Showing posts with label Jonas Mekas. Show all posts
Showing posts with label Jonas Mekas. Show all posts

Thursday, December 4, 2025

Mike Kuchar: the second Funhouse interview!

Mike, in a photo from the
@kucharbrothers Instagram.
I have only had the opportunity to do three “second interviews” thus far on the Funhouse (those people were filmmakers Hal Hartley and Guy Maddin, and indie/exploitation pioneer David F. Friedman). The most “up-close and personal” second interview I’ve been able to do was a recent reunion with Funhouse guest Mike Kuchar, whom I got to speak to in his apartment in San Francisco.

I originally spoke to Mike back in 2009 at the Anthology Film Archives before a mini-festival of his work. During that talk, I mostly stuck with the period of time that I had videos to go with, so I centered on his initial 16mm solo features and his later videos, made on mini-DV (the format on which I was making the Funhouse at that time; he got a lot better use of it than I did!).

Short segments from those interviews can be found here and here. For whatever reasons, the latter (a lively discussion by Mike of how he made Sins of the Fleshapoids, replete with a discussion of the film stock!) is not searchable on YouTube with the phrases “Mike Kuchar” and “Media Funhouse.” For some reason unknown to me (but surely known to the robots that run YouTube — the main reason I can’t post entire Funhouse episodes on there), you can only find it if you search for “Sins of the Fleshapoids” and “Media Funhouse.”

In any case, that interview went extremely well. The lighting and location (inside AFA’s small Maya Deren Room) were absolutely perfect, and the discussion was terrific. Mike even told me he had shown the two episodes on which I based the episode to some students of his class at the San Francisco Art Institute. (Mike took over his brother George’s classes when George died in 2011.)

I knew there was much more to explore there, so when I traveled to San Francisco this past September for fun, I was very happy to be able to meet with Mike and interview him again. This time I focused on the initial years that the Kuchar Brothers made movies and went into depth with Mike about his solo videos, especially the work he has done since we last spoke, as well as the advice he gave his students while teaching at the Art Institute.

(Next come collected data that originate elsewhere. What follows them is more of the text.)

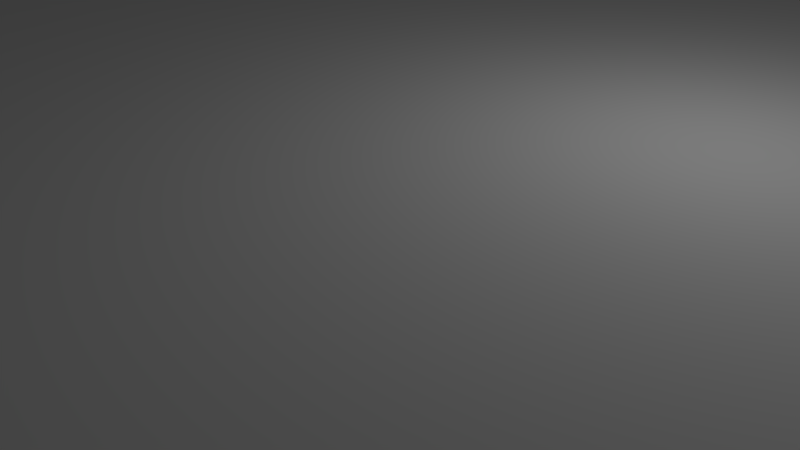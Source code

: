 # Source: plug.blend  (saved by Blender 2.78.0; exported with 4.5.12 LTS)
import bpy
from mathutils import Matrix  # noqa: F401  (used for matrix-valued properties, if any)

bpy.ops.wm.read_factory_settings(use_empty=True)
scene = bpy.context.scene
scene.name = 'Scene'

# ---- collections
col_collection_1 = bpy.data.collections.new('Collection 1'); scene.collection.children.link(col_collection_1)

# ---- world
world_world = bpy.data.worlds.new('World'); scene.world = world_world
world_world.color = (0.05088, 0.05088, 0.05088)
world_world.use_sun_shadow = False
world_world.sun_shadow_jitter_overblur = 0.0
world_world.cycles.sampling_method = 'MANUAL'

# ---- cameras
cam_camera = bpy.data.cameras.new('Camera')
cam_camera.clip_end = 100.0
cam_camera.lens = 35.0
cam_camera.sensor_width = 32.0
cam_camera.sensor_height = 18.0
cam_camera.ortho_scale = 7.314
cam_camera.dof.focus_distance = 0.0
cam_camera.dof.aperture_fstop = 128.0

# ---- lights
light_lamp = bpy.data.lights.new('Lamp', 'POINT')
light_lamp.transmission_factor = 0.0
light_lamp.cutoff_distance = 30.0
light_lamp.energy = 100.0
light_lamp.shadow_buffer_clip_start = 1.001
light_lamp.shadow_soft_size = 0.1
light_lamp.shadow_maximum_resolution = 0.006
light_lamp.use_absolute_resolution = True

# ---- meshes
me_cube_002 = bpy.data.meshes.new('Cube.002')
me_cube_002.from_pydata([(-1.0, -1.0, -1.0), (-1.0, -1.0, 1.0), (-1.0, 1.0, -1.0), (-1.0, 1.0, 1.0), (1.0, -1.0, -1.0), (1.0, -1.0, 1.0), (1.0, 1.0, -1.0), (1.0, 1.0, 1.0)], [], [(0, 1, 3, 2), (2, 3, 7, 6), (6, 7, 5, 4), (4, 5, 1, 0), (2, 6, 4, 0), (7, 3, 1, 5)])
me_cube_002.use_remesh_preserve_volume = False
me_cube_002.use_remesh_preserve_attributes = False
me_cube_002.use_mirror_vertex_groups = False
me_cube_002.update()
me_cube_001 = bpy.data.meshes.new('Cube.001')
me_cube_001.from_pydata([(-1.0, -1.0, -1.0), (-1.0, -1.0, 1.0), (-1.0, 1.0, -1.0), (-1.0, 1.0, 1.0), (1.0, -1.0, -1.0), (1.0, -1.0, 1.0), (1.0, 1.0, -1.0), (1.0, 1.0, 1.0)], [], [(0, 1, 3, 2), (2, 3, 7, 6), (6, 7, 5, 4), (4, 5, 1, 0), (2, 6, 4, 0), (7, 3, 1, 5)])
me_cube_001.use_remesh_preserve_volume = False
me_cube_001.use_remesh_preserve_attributes = False
me_cube_001.use_mirror_vertex_groups = False
me_cube_001.update()
me_colt_red_tip = bpy.data.meshes.new('Colt Red Tip')
me_colt_red_tip.from_pydata([(-4.71, 2.719, 8.03), (-4.522, 3.022, 8.03), (-4.522, 3.022, 6.78), (-4.71, 2.719, 6.78), (-4.315, 3.311, 8.03), (-4.315, 3.311, 6.78), (-4.089, 3.586, 8.03), (-3.846, 3.846, 8.03), (-3.846, 3.846, 6.78), (-4.089, 3.586, 6.78), (-5.253, 1.408, 8.03), (-5.15, 1.748, 8.03), (-5.15, 1.748, 6.78), (-5.253, 1.408, 6.78), (-5.025, 2.081, 8.03), (-5.025, 2.081, 6.78), (-4.878, 2.405, 8.03), (-4.878, 2.405, 6.78), (-5.439, 3.373e-06, 8.03), (-5.427, 0.3557, 8.03), (-5.427, 0.3557, 6.78), (-5.439, 3.465e-06, 6.78), (-5.392, 0.7099, 8.03), (-5.392, 0.7099, 6.78), (-5.334, 1.061, 8.03), (-5.334, 1.061, 6.78), (-5.253, -1.408, 8.03), (-5.334, -1.061, 8.03), (-5.334, -1.061, 6.78), (-5.253, -1.408, 6.78), (-5.392, -0.7099, 8.03), (-5.392, -0.7099, 6.78), (-5.427, -0.3557, 8.03), (-5.427, -0.3557, 6.78), (-4.71, -2.719, 8.03), (-4.878, -2.405, 8.03), (-4.878, -2.405, 6.78), (-4.71, -2.719, 6.78), (-5.025, -2.081, 8.03), (-5.025, -2.081, 6.78), (-5.15, -1.748, 8.03), (-5.15, -1.748, 6.78), (-3.846, -3.846, 8.03), (-4.089, -3.586, 8.03), (-4.089, -3.586, 6.78), (-3.846, -3.846, 6.78), (-4.315, -3.311, 8.03), (-4.315, -3.311, 6.78), (-4.522, -3.022, 8.03), (-4.522, -3.022, 6.78), (-2.719, -4.71, 8.03), (-3.022, -4.522, 8.03), (-3.022, -4.522, 6.78), (-2.719, -4.71, 6.78), (-3.311, -4.315, 8.03), (-3.311, -4.315, 6.78), (-3.586, -4.089, 8.03), (-3.586, -4.089, 6.78), (-1.408, -5.253, 8.03), (-1.748, -5.15, 8.03), (-1.748, -5.15, 6.78), (-1.408, -5.253, 6.78), (-2.081, -5.025, 8.03), (-2.081, -5.025, 6.78), (-2.405, -4.878, 8.03), (-2.405, -4.878, 6.78), (-7.75e-06, -5.439, 8.03), (-0.3557, -5.427, 8.03), (-0.3557, -5.427, 6.78), (-6.777e-06, -5.439, 6.78), (-0.7099, -5.392, 8.03), (-0.7099, -5.392, 6.78), (-1.061, -5.334, 8.03), (-1.061, -5.334, 6.78), (1.408, -5.253, 8.03), (1.061, -5.334, 8.03), (1.061, -5.334, 6.78), (1.408, -5.253, 6.78), (0.7099, -5.392, 8.03), (0.7099, -5.392, 6.78), (0.3557, -5.427, 8.03), (0.3557, -5.427, 6.78), (2.719, -4.71, 8.03), (2.405, -4.878, 8.03), (2.405, -4.878, 6.78), (2.719, -4.71, 6.78), (2.081, -5.025, 8.03), (2.081, -5.025, 6.78), (1.748, -5.15, 8.03), (1.748, -5.15, 6.78), (3.846, -3.846, 8.03), (3.586, -4.089, 8.03), (3.586, -4.089, 6.78), (3.846, -3.846, 6.78), (3.311, -4.315, 8.03), (3.311, -4.315, 6.78), (3.022, -4.522, 8.03), (3.022, -4.522, 6.78), (4.71, -2.719, 8.03), (4.522, -3.022, 8.03), (4.522, -3.022, 6.78), (4.71, -2.719, 6.78), (4.315, -3.311, 8.03), (4.315, -3.311, 6.78), (4.089, -3.586, 8.03), (4.089, -3.586, 6.78), (5.253, -1.408, 8.03), (5.15, -1.748, 8.03), (5.15, -1.748, 6.78), (5.253, -1.408, 6.78), (5.025, -2.081, 8.03), (5.025, -2.081, 6.78), (4.878, -2.405, 8.03), (4.878, -2.405, 6.78), (5.439, 1.173e-05, 8.03), (5.427, -0.3557, 8.03), (5.427, -0.3557, 6.78), (5.439, 1.189e-05, 6.78), (5.392, -0.7099, 8.03), (5.392, -0.7099, 6.78), (5.334, -1.061, 8.03), (5.334, -1.061, 6.78), (5.253, 1.408, 8.03), (5.334, 1.061, 8.03), (5.334, 1.061, 6.78), (5.253, 1.408, 6.78), (5.392, 0.7099, 8.03), (5.392, 0.7099, 6.78), (5.427, 0.3557, 8.03), (5.427, 0.3557, 6.78), (4.71, 2.719, 8.03), (4.878, 2.405, 8.03), (4.878, 2.405, 6.78), (4.71, 2.719, 6.78), (5.025, 2.081, 8.03), (5.025, 2.081, 6.78), (5.15, 1.748, 8.03), (5.15, 1.748, 6.78), (3.846, 3.846, 8.03), (4.089, 3.586, 8.03), (4.089, 3.586, 6.78), (3.846, 3.846, 6.78), (4.315, 3.311, 8.03), (4.315, 3.311, 6.78), (4.522, 3.022, 8.03), (4.522, 3.022, 6.78), (2.719, 4.71, 8.03), (3.022, 4.522, 8.03), (3.022, 4.522, 6.78), (2.719, 4.71, 6.78), (3.311, 4.315, 8.03), (3.311, 4.315, 6.78), (3.586, 4.089, 8.03), (3.586, 4.089, 6.78), (1.408, 5.253, 8.03), (1.748, 5.15, 8.03), (1.748, 5.15, 6.78), (1.408, 5.253, 6.78), (2.081, 5.025, 8.03), (2.081, 5.025, 6.78), (2.405, 4.878, 8.03), (2.405, 4.878, 6.78), (-1.649e-05, 5.439, 8.03), (0.3557, 5.427, 8.03), (0.3557, 5.427, 6.78), (-1.557e-05, 5.439, 6.78), (0.7099, 5.392, 8.03), (0.7099, 5.392, 6.78), (1.061, 5.334, 8.03), (1.061, 5.334, 6.78), (-1.408, 5.253, 8.03), (-1.061, 5.334, 8.03), (-1.061, 5.334, 6.78), (-1.408, 5.253, 6.78), (-0.7099, 5.392, 8.03), (-0.7099, 5.392, 6.78), (-0.3557, 5.427, 8.03), (-0.3557, 5.427, 6.78), (-2.719, 4.71, 8.03), (-2.405, 4.878, 8.03), (-2.405, 4.878, 6.78), (-2.719, 4.71, 6.78), (-2.081, 5.025, 8.03), (-2.081, 5.025, 6.78), (-1.748, 5.15, 8.03), (-1.748, 5.15, 6.78), (-3.586, 4.089, 8.03), (-3.586, 4.089, 6.78), (-3.311, 4.315, 8.03), (-3.311, 4.315, 6.78), (-3.022, 4.522, 8.03), (-3.022, 4.522, 6.78), (1.022, 5.136, 8.03), (1.355, 5.058, 8.03), (0.6834, 5.191, 8.03), (0.9735, 4.896, 8.03), (1.291, 4.819, 8.03), (0.652, 4.952, 8.03), (-1.634e-05, 5.236, 8.03), (0.3424, 5.225, 8.03), (-1.617e-05, 4.989, 8.03), (0.3269, 4.981, 8.03), (-1.563e-05, 4.182, 8.03), (0.2794, 4.203, 8.03), (0.3066, 4.654, 8.03), (-1.594e-05, 4.652, 8.03), (0.5538, 4.206, 8.03), (0.6104, 4.637, 8.03), (0.8178, 4.132, 8.03), (1.082, 4.039, 8.03), (1.204, 4.494, 8.03), (0.9084, 4.575, 8.03), (-0.3425, 5.225, 8.03), (-0.6835, 5.191, 8.03), (-0.3269, 4.981, 8.03), (-0.652, 4.952, 8.03), (-1.355, 5.058, 8.03), (-1.022, 5.136, 8.03), (-1.291, 4.819, 8.03), (-0.9735, 4.896, 8.03), (-1.082, 4.039, 8.03), (-0.8179, 4.132, 8.03), (-0.9085, 4.575, 8.03), (-1.204, 4.494, 8.03), (-0.5538, 4.206, 8.03), (-0.6104, 4.637, 8.03), (-0.2795, 4.203, 8.03), (-0.3067, 4.654, 8.03), (-1.683, 4.958, 8.03), (-2.004, 4.838, 8.03), (-1.605, 4.727, 8.03), (-1.912, 4.615, 8.03), (-2.618, 4.535, 8.03), (-2.316, 4.696, 8.03), (-2.494, 4.321, 8.03), (-2.208, 4.477, 8.03), (-2.091, 3.621, 8.03), (-1.859, 3.779, 8.03), (-2.062, 4.184, 8.03), (-2.326, 4.029, 8.03), (-1.624, 3.92, 8.03), (-1.79, 4.321, 8.03), (-1.358, 3.987, 8.03), (-1.501, 4.416, 8.03), (-2.909, 4.354, 8.03), (-3.188, 4.154, 8.03), (-2.774, 4.15, 8.03), (-3.041, 3.963, 8.03), (-3.703, 3.703, 8.03), (-3.452, 3.937, 8.03), (-3.528, 3.528, 8.03), (-3.291, 3.753, 8.03), (-2.957, 2.957, 8.03), (-2.774, 3.169, 8.03), (-3.074, 3.508, 8.03), (-3.29, 3.29, 8.03), (-2.583, 3.366, 8.03), (-2.847, 3.71, 8.03), (-2.343, 3.5, 8.03), (-2.593, 3.877, 8.03), (-3.937, 3.452, 8.03), (-4.154, 3.188, 8.03), (-3.753, 3.291, 8.03), (-3.963, 3.041, 8.03), (-4.535, 2.618, 8.03), (-4.354, 2.909, 8.03), (-4.321, 2.494, 8.03), (-4.15, 2.774, 8.03), (-3.621, 2.091, 8.03), (-3.5, 2.343, 8.03), (-3.877, 2.593, 8.03), (-4.029, 2.326, 8.03), (-3.366, 2.583, 8.03), (-3.71, 2.847, 8.03), (-3.169, 2.774, 8.03), (-3.508, 3.074, 8.03), (-4.696, 2.316, 8.03), (-4.838, 2.004, 8.03), (-4.477, 2.208, 8.03), (-4.615, 1.911, 8.03), (-5.058, 1.355, 8.03), (-4.958, 1.683, 8.03), (-4.819, 1.291, 8.03), (-4.727, 1.605, 8.03), (-4.039, 1.082, 8.03), (-3.987, 1.358, 8.03), (-4.416, 1.501, 8.03), (-4.494, 1.204, 8.03), (-3.92, 1.624, 8.03), (-4.321, 1.79, 8.03), (-3.78, 1.859, 8.03), (-4.184, 2.062, 8.03), (-5.136, 1.022, 8.03), (-5.191, 0.6835, 8.03), (-4.896, 0.9735, 8.03), (-4.952, 0.652, 8.03), (-5.236, 3.611e-06, 8.03), (-5.225, 0.3425, 8.03), (-4.989, 3.872e-06, 8.03), (-4.981, 0.3269, 8.03), (-4.182, 4.666e-06, 8.03), (-4.203, 0.2795, 8.03), (-4.654, 0.3067, 8.03), (-4.652, 4.211e-06, 8.03), (-4.206, 0.5538, 8.03), (-4.637, 0.6104, 8.03), (-4.132, 0.8178, 8.03), (-4.575, 0.9084, 8.03), (-5.225, -0.3424, 8.03), (-5.191, -0.6834, 8.03), (-4.981, -0.3269, 8.03), (-4.952, -0.652, 8.03), (-5.058, -1.355, 8.03), (-5.136, -1.022, 8.03), (-4.819, -1.291, 8.03), (-4.896, -0.9735, 8.03), (-4.039, -1.082, 8.03), (-4.132, -0.8178, 8.03), (-4.575, -0.9084, 8.03), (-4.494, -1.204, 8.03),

I’m now editing the material from the interview and wanted to give Funhouse blog readers (and those inveterate YT watchers) a preview of the talk. Two previews in fact. 

The first clip finds Mike talking about the “parties” he and his brother threw, which were in fact movie shoots. They would gather their friends and neighbors and shoot wonderfully lurid take-offs on Hollywood melodramas at one party and then show the edited version of the film at another. He also talks about the division of labor between the two, which was apparently equal.

 

The second clip has to do with the moment that the Kuchar brothers were “discovered.” This happened via their films being projected at Ken Jacobs’ loft on Ferry Street in downtown Manhattan. 

Jacobs had movie nights at his loft, and the Kuchars were alerted by a friend, Bob Cowan (who subsequently starred in Mike’s best-known opus, Sins of the Fleshapoids).

At one of Jacobs’ movie nights was the filmmaker-critic Jonas Mekas, who was so entranced by the Kuchar brothers’ efforts on 8mm that he promoted them heavily in his column in The Village Voice, which got them a great deal of attention (to, among many others, a young aspiring filmmaker in Baltimore named John Waters).

 

I’ll be doing two episodes from this interview. I look forward to airing it, as I have been a diehard Kuchar fan (of both Mike and George, together and apart) for a few decades now and was very happy to dig deeper into their past with Mike. 

He’s currently 83 and continues to make videos on the ultra-low budgets that the Kuchar brothers were famous for. He headed in a different direction than George back in the late Sixties and has continued make his own brand of underground cinema from his apartment, using video and now even online editing tools! There are several things to marvel at when considering Mike’s work, but the first and foremost is always how gorgeous the imagery is for the amount of money spent (which is nominal, to say the least).

I’m also happy to report that, when I revisited Mike after the interview, we spoke about a number of things, including the filmmaking fans of the Kuchars (who range from, of course, John Waters to modern makers of horror pics like Guillermo Del Toro and some guy named Lucas, owns a ranch someplace in the hills…). We also had a fine discussion of Japanese monster and fantasy pics, focusing on the Godzilla movies (since I had come from a Godzilla convention that day), which Mike is a big fan of. 

My thanks go out to Mike for serving as host to myself, my cameraman in L.A. (Jim Gonis), and my NYC cameraman (Charles Frenkel). His apartment is a palace of wonderment and he is a very cordial host who is more than willing to review and reflect on his work (and George’s). He most likely would reject this designation, but the guy’s a legend in the underground world and in the world of filmmaking as a whole.